Data Use: Student Progress Measure

Quality Standard

Student Progress Measure: The program has a system for measuring individual student progress over time and responding to those results, and the measures of progress include both academic growth and adaptive indicators (i.e., student engagement; student confidence). 

Critical Questions
  • How will collected data reflect a holistic understanding of students’ experiences?
  • What processes will be in place to review and act upon collected data?
  • How will these review processes promote equity and reduce bias?
Implementation Checklist
  • Identify who is responsible for reviewing each type of data.
  • Create and routinely use protocols for reviewing data and distilling insights to inform decisions.
  • Review disaggregated data to ensure equity of services.
  • Set up processes for communicating data (and the insights distilled from it) to relevant stakeholders.
  • Make informed decisions and take action based on data, resulting in continuous improvements.
  • Establish standards for effective implementation of the tutoring model and improve standards over time.
Implementation Tools

Higher Education Institution (HEI) Specific Tools:

  • N/A

From Existing Resources: 

Key Insights

Frequently review data in both formal and informal ways.

  • This ensures that program leaders are consistently aware of what actually makes their program effective. Staying up-to-date on data insights not only allows leaders to work with tutors on the ground to make direct improvements, but also helps them maintain a clear understanding of which model design elements are most essential to the program’s success.

Conduct an annual data review at the same time each year.

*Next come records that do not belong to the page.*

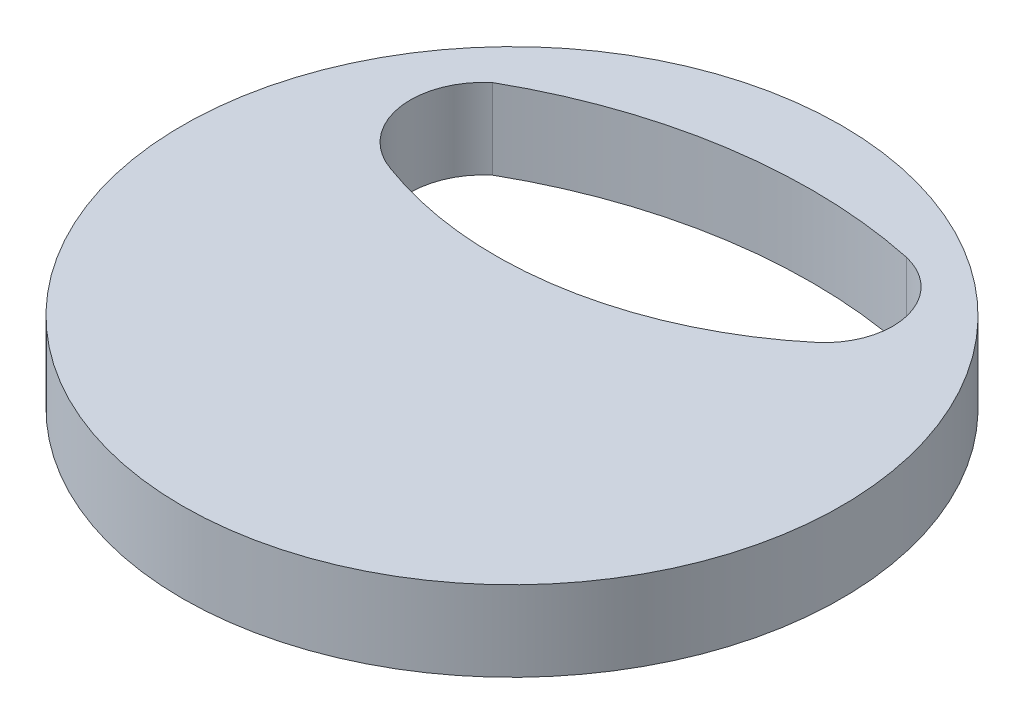
ISO-10303-21;
HEADER;
FILE_DESCRIPTION(('STEP AP214'),'2;1');
FILE_NAME('part.step','',(''),(''),'','','');
FILE_SCHEMA(('AUTOMOTIVE_DESIGN { 1 0 10303 214 1 1 1 1 }'));
ENDSEC;
DATA;
#1=APPLICATION_CONTEXT('core data for automotive mechanical design processes');
#2=APPLICATION_PROTOCOL_DEFINITION('international standard','automotive_design',2000,#1);
#3=PRODUCT_CONTEXT('',#1,'mechanical');
#4=PRODUCT('Part','Part','',(#3));
#5=PRODUCT_RELATED_PRODUCT_CATEGORY('part','',(#4));
#6=PRODUCT_DEFINITION_FORMATION('','',#4);
#7=PRODUCT_DEFINITION_CONTEXT('part definition',#1,'design');
#8=PRODUCT_DEFINITION('design','',#6,#7);
#9=PRODUCT_DEFINITION_SHAPE('','',#8);
#10=(LENGTH_UNIT() NAMED_UNIT(*) SI_UNIT(.MILLI.,.METRE.));
#11=(NAMED_UNIT(*) PLANE_ANGLE_UNIT() SI_UNIT($,.RADIAN.));
#12=(NAMED_UNIT(*) SI_UNIT($,.STERADIAN.) SOLID_ANGLE_UNIT());
#13=UNCERTAINTY_MEASURE_WITH_UNIT(LENGTH_MEASURE(1.E-05),#10,'distance_accuracy_value','');
#14=(GEOMETRIC_REPRESENTATION_CONTEXT(3) GLOBAL_UNCERTAINTY_ASSIGNED_CONTEXT((#13)) GLOBAL_UNIT_ASSIGNED_CONTEXT((#10,
#11,#12)) REPRESENTATION_CONTEXT('',''));
#15=CARTESIAN_POINT('',(0.,0.,0.));
#16=DIRECTION('',(0.,0.,1.));
#17=DIRECTION('',(1.,0.,0.));
#18=AXIS2_PLACEMENT_3D('',#15,#16,#17);
#19=CARTESIAN_POINT('',(0.,1.8,0.));
#20=DIRECTION('',(0.,-1.,0.));
#21=DIRECTION('',(0.,0.,-1.));
#22=AXIS2_PLACEMENT_3D('',#19,#20,#21);
#23=CYLINDRICAL_SURFACE('',#22,7.4);
#24=CARTESIAN_POINT('',(0.,1.8,0.));
#25=DIRECTION('',(0.,1.,0.));
#26=DIRECTION('',(0.,0.,1.));
#27=AXIS2_PLACEMENT_3D('',#24,#25,#26);
#28=CIRCLE('',#27,7.4);
#29=CARTESIAN_POINT('',(0.,1.8,7.4));
#30=VERTEX_POINT('',#29);
#31=EDGE_CURVE('E11',#30,#30,#28,.T.);
#32=ORIENTED_EDGE('',*,*,#31,.F.);
#33=EDGE_LOOP('',(#32));
#34=FACE_BOUND('',#33,.T.);
#35=CARTESIAN_POINT('',(0.,0.,0.));
#36=DIRECTION('',(0.,1.,0.));
#37=DIRECTION('',(0.,0.,1.));
#38=AXIS2_PLACEMENT_3D('',#35,#36,#37);
#39=CIRCLE('',#38,7.4);
#40=CARTESIAN_POINT('',(0.,0.,7.4));
#41=VERTEX_POINT('',#40);
#42=EDGE_CURVE('E39',#41,#41,#39,.T.);
#43=ORIENTED_EDGE('',*,*,#42,.T.);
#44=EDGE_LOOP('',(#43));
#45=FACE_BOUND('',#44,.T.);
#46=ADVANCED_FACE('F36',(#34,#45),#23,.T.);
#47=CARTESIAN_POINT('',(0.,1.8,0.));
#48=DIRECTION('',(0.,1.,0.));
#49=DIRECTION('',(0.,0.,1.));
#50=AXIS2_PLACEMENT_3D('',#47,#48,#49);
#51=PLANE('',#50);
#52=CARTESIAN_POINT('',(-3.69105713963817,1.8,-3.05644944928227));
#53=DIRECTION('',(0.,1.,0.));
#54=DIRECTION('',(0.,0.,1.));
#55=AXIS2_PLACEMENT_3D('',#52,#53,#54);
#56=CIRCLE('',#55,1.64727033061655);
#57=CARTESIAN_POINT('',(-4.75521293503789,1.8,-4.31385629881298));
#58=VERTEX_POINT('',#57);
#59=CARTESIAN_POINT('',(-4.22569992174715,1.8,-1.49835553758493));
#60=VERTEX_POINT('',#59);
#61=EDGE_CURVE('E50',#58,#60,#56,.T.);
#62=ORIENTED_EDGE('',*,*,#61,.F.);
#63=CARTESIAN_POINT('',(0.917943256878547,1.8,5.66676771895304));
#64=DIRECTION('',(0.,1.,0.));
#65=DIRECTION('',(0.,0.,1.));
#66=AXIS2_PLACEMENT_3D('',#63,#64,#65);
#67=CIRCLE('',#66,11.4803117101361);
#68=CARTESIAN_POINT('',(3.2882264842442,1.8,-5.56618889913985));
#69=VERTEX_POINT('',#68);
#70=EDGE_CURVE('E94',#58,#69,#67,.F.);
#71=ORIENTED_EDGE('',*,*,#70,.T.);
#72=CARTESIAN_POINT('',(2.945310918578,1.8,-4.07008865943443));
#73=DIRECTION('',(0.,1.,0.));
#74=DIRECTION('',(0.,0.,1.));
#75=AXIS2_PLACEMENT_3D('',#72,#73,#74);
#76=CIRCLE('',#75,1.53489641748972);
#77=CARTESIAN_POINT('',(3.9476634455724,1.8,-2.90767891065791));
#78=VERTEX_POINT('',#77);
#79=EDGE_CURVE('E97',#78,#69,#76,.T.);
#80=ORIENTED_EDGE('',*,*,#79,.F.);
#81=CARTESIAN_POINT('',(-1.35242436883095,1.8,-9.24015959200503));
#82=DIRECTION('',(0.,1.,0.));
#83=DIRECTION('',(0.,0.,1.));
#84=AXIS2_PLACEMENT_3D('',#81,#82,#83);
#85=CIRCLE('',#84,8.25779888469206);
#86=EDGE_CURVE('E103',#60,#78,#85,.T.);
#87=ORIENTED_EDGE('',*,*,#86,.F.);
#88=EDGE_LOOP('',(#62,#71,#80,#87));
#89=FACE_BOUND('',#88,.T.);
#90=ORIENTED_EDGE('',*,*,#31,.T.);
#91=EDGE_LOOP('',(#90));
#92=FACE_BOUND('',#91,.T.);
#93=ADVANCED_FACE('F114',(#89,#92),#51,.T.);
#94=CARTESIAN_POINT('',(0.,0.,0.));
#95=DIRECTION('',(0.,1.,0.));
#96=DIRECTION('',(0.,0.,1.));
#97=AXIS2_PLACEMENT_3D('',#94,#95,#96);
#98=PLANE('',#97);
#99=CARTESIAN_POINT('',(0.917943256878547,0.,5.66676771895304));
#100=DIRECTION('',(0.,1.,0.));
#101=DIRECTION('',(0.,0.,1.));
#102=AXIS2_PLACEMENT_3D('',#99,#100,#101);
#103=CIRCLE('',#102,11.4803117101361);
#104=CARTESIAN_POINT('',(-4.75521293503789,0.,-4.31385629881298));
#105=VERTEX_POINT('',#104);
#106=CARTESIAN_POINT('',(3.2882264842442,0.,-5.56618889913985));
#107=VERTEX_POINT('',#106);
#108=EDGE_CURVE('E85',#105,#107,#103,.F.);
#109=ORIENTED_EDGE('',*,*,#108,.F.);
#110=CARTESIAN_POINT('',(-3.69105713963817,0.,-3.05644944928227));
#111=DIRECTION('',(0.,1.,0.));
#112=DIRECTION('',(0.,0.,1.));
#113=AXIS2_PLACEMENT_3D('',#110,#111,#112);
#114=CIRCLE('',#113,1.64727033061655);
#115=CARTESIAN_POINT('',(-4.22569992174715,0.,-1.49835553758493));
#116=VERTEX_POINT('',#115);
#117=EDGE_CURVE('E79',#105,#116,#114,.T.);
#118=ORIENTED_EDGE('',*,*,#117,.T.);
#119=CARTESIAN_POINT('',(-1.35242436883095,0.,-9.24015959200503));
#120=DIRECTION('',(0.,1.,0.));
#121=DIRECTION('',(0.,0.,1.));
#122=AXIS2_PLACEMENT_3D('',#119,#120,#121);
#123=CIRCLE('',#122,8.25779888469206);
#124=CARTESIAN_POINT('',(3.9476634455724,0.,-2.90767891065791));
#125=VERTEX_POINT('',#124);
#126=EDGE_CURVE('E88',#116,#125,#123,.T.);
#127=ORIENTED_EDGE('',*,*,#126,.T.);
#128=CARTESIAN_POINT('',(2.945310918578,0.,-4.07008865943443));
#129=DIRECTION('',(0.,1.,0.));
#130=DIRECTION('',(0.,0.,1.));
#131=AXIS2_PLACEMENT_3D('',#128,#129,#130);
#132=CIRCLE('',#131,1.53489641748972);
#133=EDGE_CURVE('E58',#125,#107,#132,.T.);
#134=ORIENTED_EDGE('',*,*,#133,.T.);
#135=EDGE_LOOP('',(#109,#118,#127,#134));
#136=FACE_BOUND('',#135,.T.);
#137=ORIENTED_EDGE('',*,*,#42,.F.);
#138=EDGE_LOOP('',(#137));
#139=FACE_BOUND('',#138,.T.);
#140=ADVANCED_FACE('F92',(#136,#139),#98,.F.);
#141=CARTESIAN_POINT('',(-3.69105713963817,0.,-3.05644944928227));
#142=DIRECTION('',(0.,1.,0.));
#143=DIRECTION('',(0.,0.,1.));
#144=AXIS2_PLACEMENT_3D('',#141,#142,#143);
#145=CYLINDRICAL_SURFACE('',#144,1.64727033061655);
#146=ORIENTED_EDGE('',*,*,#61,.T.);
#147=DIRECTION('',(0.,1.,0.));
#148=VECTOR('',#147,1.);
#149=CARTESIAN_POINT('',(-4.22569992174715,0.,-1.49835553758493));
#150=LINE('',#149,#148);
#151=EDGE_CURVE('E75',#116,#60,#150,.T.);
#152=ORIENTED_EDGE('',*,*,#151,.F.);
#153=ORIENTED_EDGE('',*,*,#117,.F.);
#154=DIRECTION('',(0.,1.,0.));
#155=VECTOR('',#154,1.);
#156=CARTESIAN_POINT('',(-4.75521293503789,0.,-4.31385629881298));
#157=LINE('',#156,#155);
#158=EDGE_CURVE('E107',#105,#58,#157,.T.);
#159=ORIENTED_EDGE('',*,*,#158,.T.);
#160=EDGE_LOOP('',(#146,#152,#153,#159));
#161=FACE_BOUND('',#160,.T.);
#162=ADVANCED_FACE('F77',(#161),#145,.F.);
#163=CARTESIAN_POINT('',(0.917943256878547,0.,5.66676771895304));
#164=DIRECTION('',(0.,1.,0.));
#165=DIRECTION('',(0.,0.,1.));
#166=AXIS2_PLACEMENT_3D('',#163,#164,#165);
#167=CYLINDRICAL_SURFACE('',#166,11.4803117101361);
#168=ORIENTED_EDGE('',*,*,#70,.F.);
#169=ORIENTED_EDGE('',*,*,#158,.F.);
#170=ORIENTED_EDGE('',*,*,#108,.T.);
#171=DIRECTION('',(0.,1.,0.));
#172=VECTOR('',#171,1.);
#173=CARTESIAN_POINT('',(3.2882264842442,0.,-5.56618889913985));
#174=LINE('',#173,#172);
#175=EDGE_CURVE('E109',#107,#69,#174,.T.);
#176=ORIENTED_EDGE('',*,*,#175,.T.);
#177=EDGE_LOOP('',(#168,#169,#170,#176));
#178=FACE_BOUND('',#177,.T.);
#179=ADVANCED_FACE('F118',(#178),#167,.F.);
#180=CARTESIAN_POINT('',(2.945310918578,0.,-4.07008865943443));
#181=DIRECTION('',(0.,1.,0.));
#182=DIRECTION('',(0.,0.,1.));
#183=AXIS2_PLACEMENT_3D('',#180,#181,#182);
#184=CYLINDRICAL_SURFACE('',#183,1.53489641748972);
#185=ORIENTED_EDGE('',*,*,#79,.T.);
#186=ORIENTED_EDGE('',*,*,#175,.F.);
#187=ORIENTED_EDGE('',*,*,#133,.F.);
#188=DIRECTION('',(0.,1.,0.));
#189=VECTOR('',#188,1.);
#190=CARTESIAN_POINT('',(3.9476634455724,0.,-2.90767891065791));
#191=LINE('',#190,#189);
#192=EDGE_CURVE('E84',#125,#78,#191,.T.);
#193=ORIENTED_EDGE('',*,*,#192,.T.);
#194=EDGE_LOOP('',(#185,#186,#187,#193));
#195=FACE_BOUND('',#194,.T.);
#196=ADVANCED_FACE('F111',(#195),#184,.F.);
#197=CARTESIAN_POINT('',(-1.35242436883095,0.,-9.24015959200503));
#198=DIRECTION('',(0.,1.,0.));
#199=DIRECTION('',(0.,0.,1.));
#200=AXIS2_PLACEMENT_3D('',#197,#198,#199);
#201=CYLINDRICAL_SURFACE('',#200,8.25779888469206);
#202=ORIENTED_EDGE('',*,*,#86,.T.);
#203=ORIENTED_EDGE('',*,*,#192,.F.);
#204=ORIENTED_EDGE('',*,*,#126,.F.);
#205=ORIENTED_EDGE('',*,*,#151,.T.);
#206=EDGE_LOOP('',(#202,#203,#204,#205));
#207=FACE_BOUND('',#206,.T.);
#208=ADVANCED_FACE('F89',(#207),#201,.F.);
#209=CLOSED_SHELL('',(#46,#93,#140,#162,#179,#196,#208));
#210=MANIFOLD_SOLID_BREP('B2',#209);
#211=ADVANCED_BREP_SHAPE_REPRESENTATION('',(#18,#210),#14);
#212=SHAPE_DEFINITION_REPRESENTATION(#9,#211);
ENDSEC;
END-ISO-10303-21;
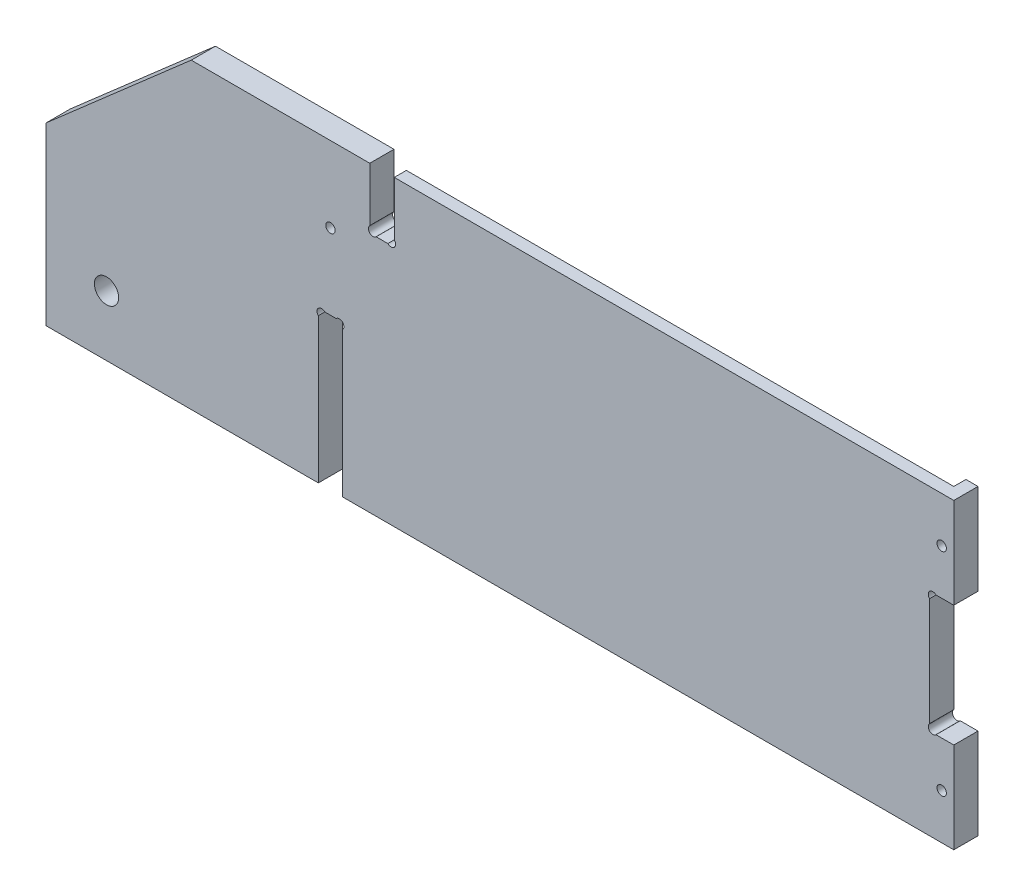
ISO-10303-21;
HEADER;
FILE_DESCRIPTION(('STEP AP214'),'2;1');
FILE_NAME('part.step','',(''),(''),'','','');
FILE_SCHEMA(('AUTOMOTIVE_DESIGN { 1 0 10303 214 1 1 1 1 }'));
ENDSEC;
DATA;
#1=APPLICATION_CONTEXT('core data for automotive mechanical design processes');
#2=APPLICATION_PROTOCOL_DEFINITION('international standard','automotive_design',2000,#1);
#3=PRODUCT_CONTEXT('',#1,'mechanical');
#4=PRODUCT('Part','Part','',(#3));
#5=PRODUCT_RELATED_PRODUCT_CATEGORY('part','',(#4));
#6=PRODUCT_DEFINITION_FORMATION('','',#4);
#7=PRODUCT_DEFINITION_CONTEXT('part definition',#1,'design');
#8=PRODUCT_DEFINITION('design','',#6,#7);
#9=PRODUCT_DEFINITION_SHAPE('','',#8);
#10=(LENGTH_UNIT() NAMED_UNIT(*) SI_UNIT(.MILLI.,.METRE.));
#11=(NAMED_UNIT(*) PLANE_ANGLE_UNIT() SI_UNIT($,.RADIAN.));
#12=(NAMED_UNIT(*) SI_UNIT($,.STERADIAN.) SOLID_ANGLE_UNIT());
#13=UNCERTAINTY_MEASURE_WITH_UNIT(LENGTH_MEASURE(1.E-05),#10,'distance_accuracy_value','');
#14=(GEOMETRIC_REPRESENTATION_CONTEXT(3) GLOBAL_UNCERTAINTY_ASSIGNED_CONTEXT((#13)) GLOBAL_UNIT_ASSIGNED_CONTEXT((#10,
#11,#12)) REPRESENTATION_CONTEXT('',''));
#15=CARTESIAN_POINT('',(0.,0.,0.));
#16=DIRECTION('',(0.,0.,1.));
#17=DIRECTION('',(1.,0.,0.));
#18=AXIS2_PLACEMENT_3D('',#15,#16,#17);
#19=CARTESIAN_POINT('',(46.9050399967534,13.4203251605363,8.));
#20=DIRECTION('',(0.,0.,1.));
#21=DIRECTION('',(1.,0.,0.));
#22=AXIS2_PLACEMENT_3D('',#19,#20,#21);
#23=PLANE('',#22);
#24=CARTESIAN_POINT('',(-30.0342998314668,-15.5190146676839,8.));
#25=DIRECTION('',(0.,0.,1.));
#26=DIRECTION('',(1.,0.,0.));
#27=AXIS2_PLACEMENT_3D('',#24,#25,#26);
#28=CIRCLE('',#27,4.);
#29=CARTESIAN_POINT('',(-26.0342998314668,-15.5190146676839,8.));
#30=VERTEX_POINT('',#29);
#31=EDGE_CURVE('E437',#30,#30,#28,.T.);
#32=ORIENTED_EDGE('',*,*,#31,.F.);
#33=EDGE_LOOP('',(#32));
#34=FACE_BOUND('',#33,.T.);
#35=CARTESIAN_POINT('',(245.965700168533,-20.5190146676839,8.));
#36=DIRECTION('',(0.,0.,1.));
#37=DIRECTION('',(1.,0.,0.));
#38=AXIS2_PLACEMENT_3D('',#35,#36,#37);
#39=CIRCLE('',#38,1.54999999999999);
#40=CARTESIAN_POINT('',(247.515700168533,-20.5190146676839,8.));
#41=VERTEX_POINT('',#40);
#42=EDGE_CURVE('E462',#41,#41,#39,.T.);
#43=ORIENTED_EDGE('',*,*,#42,.F.);
#44=EDGE_LOOP('',(#43));
#45=FACE_BOUND('',#44,.T.);
#46=DIRECTION('',(0.,1.,0.));
#47=VECTOR('',#46,1.);
#48=CARTESIAN_POINT('',(249.965700168533,-5.519014667684,8.));
#49=LINE('',#48,#47);
#50=CARTESIAN_POINT('',(249.965700168533,-35.5190146676839,8.));
#51=VERTEX_POINT('',#50);
#52=CARTESIAN_POINT('',(249.965700168533,-5.519014667684,8.));
#53=VERTEX_POINT('',#52);
#54=EDGE_CURVE('E275',#51,#53,#49,.T.);
#55=ORIENTED_EDGE('',*,*,#54,.T.);
#56=DIRECTION('',(-1.,0.,0.));
#57=VECTOR('',#56,1.);
#58=CARTESIAN_POINT('',(244.087020512093,-5.51901466768398,8.));
#59=LINE('',#58,#57);
#60=CARTESIAN_POINT('',(244.087020512093,-5.51901466768397,8.));
#61=VERTEX_POINT('',#60);
#62=EDGE_CURVE('E140',#53,#61,#59,.T.);
#63=ORIENTED_EDGE('',*,*,#62,.T.);
#64=CARTESIAN_POINT('',(243.026360340313,-4.45835449590417,8.));
#65=DIRECTION('',(0.,0.,-1.));
#66=DIRECTION('',(1.,0.,0.));
#67=AXIS2_PLACEMENT_3D('',#64,#65,#66);
#68=CIRCLE('',#67,1.50000000000001);
#69=CARTESIAN_POINT('',(241.965700168533,-3.39769432412416,8.));
#70=VERTEX_POINT('',#69);
#71=EDGE_CURVE('E403',#61,#70,#68,.T.);
#72=ORIENTED_EDGE('',*,*,#71,.T.);
#73=DIRECTION('',(0.,1.,0.));
#74=VECTOR('',#73,1.);
#75=CARTESIAN_POINT('',(241.965700168533,-3.39769432412416,8.));
#76=LINE('',#75,#74);
#77=CARTESIAN_POINT('',(241.965700168533,32.3596649887565,8.));
#78=VERTEX_POINT('',#77);
#79=EDGE_CURVE('E410',#70,#78,#76,.T.);
#80=ORIENTED_EDGE('',*,*,#79,.T.);
#81=CARTESIAN_POINT('',(243.026360340313,33.4203251605363,8.));
#82=DIRECTION('',(0.,0.,-1.));
#83=DIRECTION('',(1.,0.,0.));
#84=AXIS2_PLACEMENT_3D('',#81,#82,#83);
#85=CIRCLE('',#84,1.50000000000002);
#86=CARTESIAN_POINT('',(244.087020512093,34.4809853323162,8.));
#87=VERTEX_POINT('',#86);
#88=EDGE_CURVE('E412',#78,#87,#85,.T.);
#89=ORIENTED_EDGE('',*,*,#88,.T.);
#90=DIRECTION('',(1.,0.,0.));
#91=VECTOR('',#90,1.);
#92=CARTESIAN_POINT('',(244.087020512093,34.4809853323162,8.));
#93=LINE('',#92,#91);
#94=CARTESIAN_POINT('',(249.965700168533,34.4809853323162,8.));
#95=VERTEX_POINT('',#94);
#96=EDGE_CURVE('E414',#87,#95,#93,.T.);
#97=ORIENTED_EDGE('',*,*,#96,.T.);
#98=DIRECTION('',(0.,1.,0.));
#99=VECTOR('',#98,1.);
#100=CARTESIAN_POINT('',(249.965700168533,64.4809853323161,8.));
#101=LINE('',#100,#99);
#102=CARTESIAN_POINT('',(249.965700168533,64.4809853323161,8.));
#103=VERTEX_POINT('',#102);
#104=EDGE_CURVE('E363',#95,#103,#101,.T.);
#105=ORIENTED_EDGE('',*,*,#104,.T.);
#106=DIRECTION('',(-1.,0.,0.));
#107=VECTOR('',#106,1.);
#108=CARTESIAN_POINT('',(65.0567234642537,64.480985332316,8.));
#109=LINE('',#108,#107);
#110=CARTESIAN_POINT('',(65.0567234642537,64.480985332316,8.));
#111=VERTEX_POINT('',#110);
#112=EDGE_CURVE('E359',#103,#111,#109,.T.);
#113=ORIENTED_EDGE('',*,*,#112,.T.);
#114=DIRECTION('',(0.,-1.,0.));
#115=VECTOR('',#114,1.);
#116=CARTESIAN_POINT('',(65.0567234642537,46.6023056758756,8.));
#117=LINE('',#116,#115);
#118=CARTESIAN_POINT('',(65.0567234642537,46.6023056758756,8.));
#119=VERTEX_POINT('',#118);
#120=EDGE_CURVE('E356',#111,#119,#117,.T.);
#121=ORIENTED_EDGE('',*,*,#120,.T.);
#122=CARTESIAN_POINT('',(63.9960632924738,45.5416455040958,8.));
#123=DIRECTION('',(0.,0.,-1.));
#124=DIRECTION('',(1.,0.,0.));
#125=AXIS2_PLACEMENT_3D('',#122,#123,#124);
#126=CIRCLE('',#125,1.49999999999999);
#127=CARTESIAN_POINT('',(62.935403120694,44.480985332316,8.));
#128=VERTEX_POINT('',#127);
#129=EDGE_CURVE('E358',#119,#128,#126,.T.);
#130=ORIENTED_EDGE('',*,*,#129,.T.);
#131=DIRECTION('',(-1.,0.,0.));
#132=VECTOR('',#131,1.);
#133=CARTESIAN_POINT('',(62.935403120694,44.480985332316,8.));
#134=LINE('',#133,#132);
#135=CARTESIAN_POINT('',(59.0630231311127,44.480985332316,8.));
#136=VERTEX_POINT('',#135);
#137=EDGE_CURVE('E361',#128,#136,#134,.T.);
#138=ORIENTED_EDGE('',*,*,#137,.T.);
#139=CARTESIAN_POINT('',(58.014361649823,45.5535099696364,8.));
#140=DIRECTION('',(0.,0.,-1.));
#141=DIRECTION('',(1.,0.,0.));
#142=AXIS2_PLACEMENT_3D('',#139,#140,#141);
#143=CIRCLE('',#142,1.49999999999998);
#144=CARTESIAN_POINT('',(56.9657001685331,46.6260346069567,8.));
#145=VERTEX_POINT('',#144);
#146=EDGE_CURVE('E368',#136,#145,#143,.T.);
#147=ORIENTED_EDGE('',*,*,#146,.T.);
#148=DIRECTION('',(0.,1.,0.));
#149=VECTOR('',#148,1.);
#150=CARTESIAN_POINT('',(56.9657001685332,64.480985332316,8.));
#151=LINE('',#150,#149);
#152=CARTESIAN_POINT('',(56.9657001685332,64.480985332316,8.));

  • This allows program leaders to consistently update their understanding of how effective each element of the program’s model design actually is.
  • Annual data reviews are critical for programs looking to innovate, allowing leaders to distinguish among model design changes that preserve what matters most and ones that abandon the core of what makes the program effective.
  • For programs seeking to scale, an annual data review provides an opportunity to standardize core parts of a program so that it can be easily and faithfully replicated at scale.

Tell a clear story about the program’s impact so far, such as this example from Peer Power. 

  • Programs seeking to scale and generate new demand must be able to articulate the impact they have made in their communities. This story is what gets a program’s “foot in the door” with new partners at every level, from individual schools to entire school districts and statewide departments of education.

Disaggregate student data (by race, gender, IEP status, home language, etc.) to ensure equity.

  • By reviewing data through demographic breakdowns, programs can identify opportunities for improvement and identify training needs to ensure tutors can effectively serve all students.

Consider conducting rigorous evaluations.

  • Rigorous evaluations will provide evidence about what aspects of a program work and don’t work. These insights can improve efficacy and/or reduce costs.
  • Well-designed evaluations can provide definitive evidence that a tutoring intervention helps students and can increase the demand and the likelihood programs receive external funding.
  • Rigorous evaluations may occur in conjunction with researchers from the tutoring program’s HEI, or in partnership with another organization.